Long chain perfluoroalkyl iodides are prepared by the conventional telomerization of pentafluoroethyl iodide with tetrafluoroethylene (TFE). This telomerization yields perfluoroalkyl iodides with a polymer distribution of varying TFE insertions. Most current processes produce chain lengths from 8 carbons to 20 carbons in length. Perfluoroalkyl iodides have many uses as a key starting material in the preparation of surface modifying products, such as repellants, stain and soil resist agents, as well as surfactants. The current trend in these end use markets is the use of fluorine efficient molecules. Fluorine efficient molecules are those molecules that contain a shorter chain perfluoroalkyl component. To produce these fluorine efficient molecules, shorter chain perfluoroalkyl iodides are needed as starting materials.
Bertocchio et al., in U.S. Pat. No. 5,268,516, claims a process for preparation of shorter chain perfluoroalkyl iodides in a thermal telomerization of TFE with pentafluoroethyl iodide or heptafluoroisopropyl iodide by adjusting feed concentration and location of the TFE. This process is distinct in that it is a telomerization of TFE.
Becker et al., in German Patent Application DE 4,410,551A1, disclose a process for preparing short chain perfluoroalkyl iodides by reaction of longer chain perfluoroalkyl iodides (greater than 8 carbons in the perfluoroalkyl) with shorter chain perfluoroalkyl iodides (6 carbons or less in the perfluoroalkyl) to produce the desired short chain perfluoroalkyl iodides as well as inert perfluoroalkanes as a by-product. Becker et al., added iodine in the process to increase selectivity of the perfluoroalkyl iodide over the perfluoroalkanes, but it has been found that this also decreased the yield of the perfluoroalkyl iodides. The addition of iodine (I2) increases the presence of water into the system, potentially producing a second inert by product, hydro-end capped fluoroalkanes.

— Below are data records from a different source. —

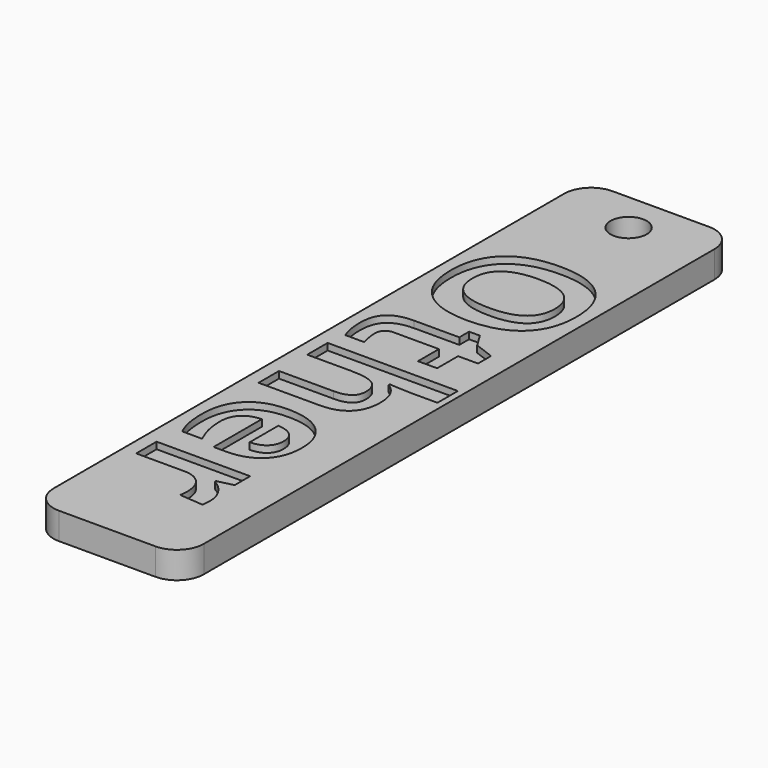
from build123d import *

# Parameters (mm, degrees)
F0_W         = 11.2
F0_H         = 51.6
F0_R         = 1.35
F0_TEXT_SIZE = 12.7777777778
F1_DEPTH     = 2
F2_DEPTH     = 0.5
F3_R         = 2


# Not quite as in the source:
# - Text() gives the source's letters only with a copy of the font that has no kerning and outlines rounded to 1/6400 em; it was checked with that copy


with BuildPart() as f1:
    # F0 (on Top) → F1 (new body)
    with BuildSketch(Plane.XY):
        with Locations((-43.6647401989, 47.9276468577)):
            Rectangle(F0_W, F0_H)
        with BuildLine():
            add(Edge.make_bspline(
                [(-41.5174745739, 29.7870652605), (-41.1590978377, 29.23502533), (-41.1590978377, 28.5861538022)],
                knots=[0, 0, 0, 1, 1, 1], degree=2))
            add(Edge.make_bspline(
                [(-41.1590978377, 28.5861538022), (-41.1590978377, 28.1988274133), (-41.2150006155, 27.9432718577)],
                knots=[0, 0, 0, 1, 1, 1], degree=2))
            Line((-41.2150006155, 27.9432718577), (-42.9978999211, 28.0870218577))
            add(Edge.make_bspline(
                [(-42.9978999211, 28.0870218577), (-42.93600756, 28.31861908), (-42.93600756, 28.6480461633)],
                knots=[0, 0, 0, 1, 1, 1], degree=2))
            add(Edge.make_bspline(
                [(-42.93600756, 28.6480461633), (-42.93600756, 29.55846283), (-43.4041933239, 30.0675774133)],
                knots=[0, 0, 0, 1, 1, 1], degree=2))
            add(Edge.make_bspline(
                [(-43.4041933239, 30.0675774133), (-43.8723790877, 30.5766919966), (-44.71491381, 30.5766919966)],
                knots=[0, 0, 0, 1, 1, 1], degree=2))
            Line((-44.71491381, 30.5766919966), (-48.2647401989, 30.5766919966))
            Line((-48.2647401989, 30.5766919966), (-48.2647401989, 32.4793829688))
            Line((-48.2647401989, 32.4793829688), (-41.2888721433, 32.4793829688))
            Line((-41.2888721433, 32.4793829688), (-41.2888721433, 31.0378899133))
            Line((-41.2888721433, 31.0378899133), (-42.4628304766, 30.7563794966))
            Line((-42.4628304766, 30.7563794966), (-42.4628304766, 30.6645392188))
            add(Edge.make_bspline(
                [(-42.4628304766, 30.6645392188), (-41.87585131, 30.3391051911), (-41.5174745739, 29.7870652605)],
                knots=[0, 0, 0, 1, 1, 1], degree=2))
        make_face(mode=Mode.SUBTRACT)
        with BuildLine():
            add(Edge.make_bspline(
                [(-48.2687332544, 35.4861538022), (-48.3905214489, 36.0531676911), (-48.3905214489, 36.87174408)],
                knots=[0, 0, 0, 1, 1, 1], degree=2))
            add(Edge.make_bspline(
                [(-48.3905214489, 36.87174408), (-48.3905214489, 38.5548169966), (-47.4601395044, 39.5031676911)],
                knots=[0, 0, 0, 1, 1, 1], degree=2))
            add(Edge.make_bspline(
                [(-47.4601395044, 39.5031676911), (-46.52975756, 40.4515183855), (-44.8267193655, 40.4515183855)],
                knots=[0, 0, 0, 1, 1, 1], degree=2))
            add(Edge.make_bspline(
                [(-44.8267193655, 40.4515183855), (-43.0737679766, 40.4515183855), (-42.1164329072, 39.5750426911)],
                knots=[0, 0, 0, 1, 1, 1], degree=2))
            add(Edge.make_bspline(
                [(-42.1164329072, 39.5750426911), (-41.1590978377, 38.6985669966), (-41.1590978377, 37.1512579688)],
                knots=[0, 0, 0, 1, 1, 1], degree=2))
            add(Edge.make_bspline(
                [(-41.1590978377, 37.1512579688), (-41.1590978377, 35.6738274133), (-42.0006342961, 34.850259705)],
                knots=[0, 0, 0, 1, 1, 1], degree=2))
            add(Edge.make_bspline(
                [(-42.0006342961, 34.850259705), (-42.8421707544, 34.0266919966), (-44.3275874211, 34.0266919966)],
                knots=[0, 0, 0, 1, 1, 1], degree=2))
            Line((-44.3275874211, 34.0266919966), (-45.2519797822, 34.0266919966))
            Line((-45.2519797822, 34.0266919966), (-45.2519797822, 38.52486908))
            add(Edge.make_bspline(
                [(-45.2519797822, 38.52486908), (-46.06257006, 38.4929246355), (-46.5177783933, 38.0437058855)],
                knots=[0, 0, 0, 1, 1, 1], degree=2))
            add(Edge.make_bspline(
                [(-46.5177783933, 38.0437058855), (-46.9729867266, 37.5944871355), (-46.9729867266, 36.7838968577)],
                knots=[0, 0, 0, 1, 1, 1], degree=2))
            add(Edge.make_bspline(
                [(-46.9729867266, 36.7838968577), (-46.9729867266, 36.15299408), (-46.8422141572, 35.5919697744)],
                knots=[0, 0, 0, 1, 1, 1], degree=2))
            add(Edge.make_bspline(
                [(-46.8422141572, 35.5919697744), (-46.7114415877, 35.0309454688), (-46.4239415877, 34.4200079688)],
                knots=[0, 0, 0, 1, 1, 1], degree=2))
            Line((-46.4239415877, 34.4200079688), (-47.8973790877, 34.4200079688))
            add(Edge.make_bspline(
                [(-47.8973790877, 34.4200079688), (-48.14694506, 34.9191399133), (-48.2687332544, 35.4861538022)],
                knots=[0, 0, 0, 1, 1, 1], degree=2))
        make_face(mode=Mode.SUBTRACT)
        with BuildLine():
            Line((-43.7166499211, 41.9868482466), (-48.2647401989, 41.9868482466))
            Line((-48.2647401989, 41.9868482466), (-48.2647401989, 43.8895392188))
            Line((-48.2647401989, 43.8895392188), (-44.1898270044, 43.8895392188))
            add(Edge.make_bspline(
                [(-44.1898270044, 43.8895392188), (-42.6804520044, 43.8895392188), (-42.6804520044, 45.0135843577)],
                knots=[0, 0, 0, 1, 1, 1], degree=2))
            add(Edge.make_bspline(
                [(-42.6804520044, 45.0135843577), (-42.6804520044, 45.8121954688), (-43.22350756, 46.1675774133)],
                knots=[0, 0, 0, 1, 1, 1], degree=2))
            add(Edge.make_bspline(
                [(-43.22350756, 46.1675774133), (-43.7665631155, 46.5229593577), (-44.9824485322, 46.5229593577)],
                knots=[0, 0, 0, 1, 1, 1], degree=2))
            Line((-44.9824485322, 46.5229593577), (-48.2647401989, 46.5229593577))
            Line((-48.2647401989, 46.5229593577), (-48.2647401989, 48.42565033))
            Line((-48.2647401989, 48.42565033), (-38.5556256155, 48.42565033))
            Line((-38.5556256155, 48.42565033), (-38.5556256155, 46.5229593577))
            Line((-38.5556256155, 46.5229593577), (-40.5341846433, 46.5229593577))
            add(Edge.make_bspline(
                [(-40.5341846433, 46.5229593577), (-40.7657818655, 46.5229593577), (-41.6202957544, 46.5668829688)],
                knots=[0, 0, 0, 1, 1, 1], degree=2))
            Line((-41.6202957544, 46.5668829688), (-42.18132006, 46.61080658))
            Line((-42.18132006, 46.61080658), (-42.18132006, 46.5109801911))
            add(Edge.make_bspline(
                [(-42.18132006, 46.5109801911), (-41.1590978377, 45.87408783), (-41.1590978377, 44.4884975522)],
                knots=[0, 0, 0, 1, 1, 1], degree=2))
            add(Edge.make_bspline(
                [(-41.1590978377, 44.4884975522), (-41.1590978377, 43.2586364411), (-41.8199485322, 42.6227423438)],
                knots=[0, 0, 0, 1, 1, 1], degree=2))
            add(Edge.make_bspline(
                [(-41.8199485322, 42.6227423438), (-42.4807992266, 41.9868482466), (-43.7166499211, 41.9868482466)],
                knots=[0, 0, 0, 1, 1, 1], degree=2))
        make_face(mode=Mode.SUBTRACT)
        with BuildLine():
            add(Edge.make_bspline(
                [(-46.6794971433, 51.6360669966), (-46.8731603377, 51.40846283), (-46.8731603377, 51.0331156077)],
                knots=[0, 0, 0, 1, 1, 1], degree=2))
            add(Edge.make_bspline(
                [(-46.8731603377, 51.0331156077), (-46.8731603377, 50.5339836633), (-46.65553881, 49.8351989411)],
                knots=[0, 0, 0, 1, 1, 1], degree=2))
            Line((-46.65553881, 49.8351989411), (-48.0710770044, 49.8351989411))
            add(Edge.make_bspline(
                [(-48.0710770044, 49.8351989411), (-48.3905214489, 50.54596283), (-48.3905214489, 51.5821607466)],
                knots=[0, 0, 0, 1, 1, 1], degree=2))
            add(Edge.make_bspline(
                [(-48.3905214489, 51.5821607466), (-48.3905214489, 52.7241746355), (-47.8125266572, 53.2452683855)],
                knots=[0, 0, 0, 1, 1, 1], degree=2))
            add(Edge.make_bspline(
                [(-47.8125266572, 53.2452683855), (-47.2345318655, 53.7663621355), (-46.08053881, 53.7663621355)],
                knots=[0, 0, 0, 1, 1, 1], degree=2))
            Line((-46.08053881, 53.7663621355), (-42.7183860322, 53.7663621355))
            Line((-42.7183860322, 53.7663621355), (-42.7183860322, 54.6767788022))
            Line((-42.7183860322, 54.6767788022), (-41.9137853377, 54.6767788022))
            Line((-41.9137853377, 54.6767788022), (-41.2768929766, 53.6286017188))
            Line((-41.2768929766, 53.6286017188), (-39.8034554766, 53.07955658))
            Line((-39.8034554766, 53.07955658), (-39.8034554766, 51.8636711633))
            Line((-39.8034554766, 51.8636711633), (-41.2888721433, 51.8636711633))
            Line((-41.2888721433, 51.8636711633), (-41.2888721433, 49.9110669966))
            Line((-41.2888721433, 49.9110669966), (-42.7183860322, 49.9110669966))
            Line((-42.7183860322, 49.9110669966), (-42.7183860322, 51.8636711633))
            Line((-42.7183860322, 51.8636711633), (-46.08053881, 51.8636711633))
            add(Edge.make_bspline(
                [(-46.08053881, 51.8636711633), (-46.4858339489, 51.8636711633), (-46.6794971433, 51.6360669966)],
                knots=[0, 0, 0, 1, 1, 1], degree=2))
        make_face(mode=Mode.SUBTRACT)
        with BuildLine():
            add(Edge.make_bspline(
                [(-40.2097488794, 56.8270392188), (-41.4206429766, 55.7129767188), (-43.69069506, 55.7129767188)],
                knots=[0, 0, 0, 1, 1, 1], degree=2))
            add(Edge.make_bspline(
                [(-43.69069506, 55.7129767188), (-45.9567540877, 55.7129767188), (-47.1736377683, 56.8360235938)],
                knots=[0, 0, 0, 1, 1, 1], degree=2))
            add(Edge.make_bspline(
                [(-47.1736377683, 56.8360235938), (-48.3905214489, 57.9590704688), (-48.3905214489, 60.0554246355)],
                knots=[0, 0, 0, 1, 1, 1], degree=2))
            add(Edge.make_bspline(
                [(-48.3905214489, 60.0554246355), (-48.3905214489, 62.1517788022), (-47.1736377683, 63.2748256772)],
                knots=[0, 0, 0, 1, 1, 1], degree=2))
            add(Edge.make_bspline(
                [(-47.1736377683, 63.2748256772), (-45.9567540877, 64.3978725522), (-43.6787158933, 64.3978725522)],
                knots=[0, 0, 0, 1, 1, 1], degree=2))
            add(Edge.make_bspline(
                [(-43.6787158933, 64.3978725522), (-41.4006776989, 64.3978725522), (-40.1997662405, 63.2718308855)],
                knots=[0, 0, 0, 1, 1, 1], degree=2))
            add(Edge.make_bspline(
                [(-40.1997662405, 63.2718308855), (-38.9988547822, 62.1457892188), (-38.9988547822, 60.0434454688)],
                knots=[0, 0, 0, 1, 1, 1], degree=2))
            add(Edge.make_bspline(
                [(-38.9988547822, 60.0434454688), (-38.9988547822, 57.9411017188), (-40.2097488794, 56.8270392188)],
                knots=[0, 0, 0, 1, 1, 1], degree=2))
        make_face(mode=Mode.SUBTRACT)
        with Locations((-43.6647401989, 70.7276468577)):
            Circle(F0_R, mode=Mode.SUBTRACT)
        with BuildLine():
            add(Edge.make_bspline(
                [(-41.3867020044, 61.7834194272), (-42.16335131, 62.36940033), (-43.69069506, 62.36940033)],
                knots=[0, 0, 0, 1, 1, 1], degree=2))
            add(Edge.make_bspline(
                [(-43.69069506, 62.36940033), (-45.2200353377, 62.36940033), (-45.9936898516, 61.7894090105)],
                knots=[0, 0, 0, 1, 1, 1], degree=2))
            add(Edge.make_bspline(
                [(-45.9936898516, 61.7894090105), (-46.7673443655, 61.2094176911), (-46.7673443655, 60.0554246355)],
                knots=[0, 0, 0, 1, 1, 1], degree=2))
            add(Edge.make_bspline(
                [(-46.7673443655, 60.0554246355), (-46.7673443655, 57.7414489411), (-43.69069506, 57.7414489411)],
                knots=[0, 0, 0, 1, 1, 1], degree=2))
            add(Edge.make_bspline(
                [(-43.69069506, 57.7414489411), (-40.6100526989, 57.7414489411), (-40.6100526989, 60.0434454688)],
                knots=[0, 0, 0, 1, 1, 1], degree=2))
            add(Edge.make_bspline(
                [(-40.6100526989, 60.0434454688), (-40.6100526989, 61.1974385244), (-41.3867020044, 61.7834194272)],
                knots=[0, 0, 0, 1, 1, 1], degree=2))
        make_face()
        with Locations(Location((-48.2647401989, 65.1405808855), (0, 0, -90))):
            Text('Other', F0_TEXT_SIZE, font='Open Sans', font_style=FontStyle.BOLD, text_align=(TextAlign.LEFT, TextAlign.BOTTOM))
        with BuildLine():
            add(Edge.make_bspline(
                [(-42.8960770044, 36.1789489411), (-42.5127436711, 36.5343308855), (-42.5127436711, 37.1392788022)],
                knots=[0, 0, 0, 1, 1, 1], degree=2))
            add(Edge.make_bspline(
                [(-42.5127436711, 37.1392788022), (-42.5127436711, 37.7442267188), (-42.8960770044, 38.0876294966)],
                knots=[0, 0, 0, 1, 1, 1], degree=2))
            add(Edge.make_bspline(
                [(-42.8960770044, 38.0876294966), (-43.2794103377, 38.4310322744), (-43.9841846433, 38.4809454688)],
                knots=[0, 0, 0, 1, 1, 1], degree=2))
            Line((-43.9841846433, 38.4809454688), (-43.9841846433, 35.8095913022))
            add(Edge.make_bspline(
                [(-43.9841846433, 35.8095913022), (-43.2794103377, 35.8235669966), (-42.8960770044, 36.1789489411)],
                knots=[0, 0, 0, 1, 1, 1], degree=2))
        make_face()
    extrude(amount=-F1_DEPTH)

    # F0 (on Top) → F2 (cut)
    with BuildSketch(Plane.XY):
        with Locations(Location((-48.2647401989, 65.1405808855), (0, 0, -90))):
            Text('Other', F0_TEXT_SIZE, font='Open Sans', font_style=FontStyle.BOLD, text_align=(TextAlign.LEFT, TextAlign.BOTTOM))
    extrude(amount=-F2_DEPTH, mode=Mode.SUBTRACT)

    # F3
    f3_edges = [f1.edges().sort_by_distance(p)[0] for p in [
        (-49.26474, 73.727647, -1),
        (-38.06474, 73.727647, -1),
        (-38.06474, 22.127647, -1),
        (-49.26474, 22.127647, -1),
    ]]
    fillet(f3_edges, radius=F3_R)


solid = f1.part

The use of iodine causes several issues in processes. Iodine introduces opportunities for line plugs, a need for iodine recycling and neutralization, and the potential hydrogen iodide formation. Iodine could also introduce water contamination into the process leading to production of unwanted inert by-products, hydro-end capped fluoroalkanes.
There is a need for a process for the production of shorter chain perfluoroalkyl iodides, that has high yields, high selectivity, and is free of the use of iodine as a reactant. The present invention meets these needs.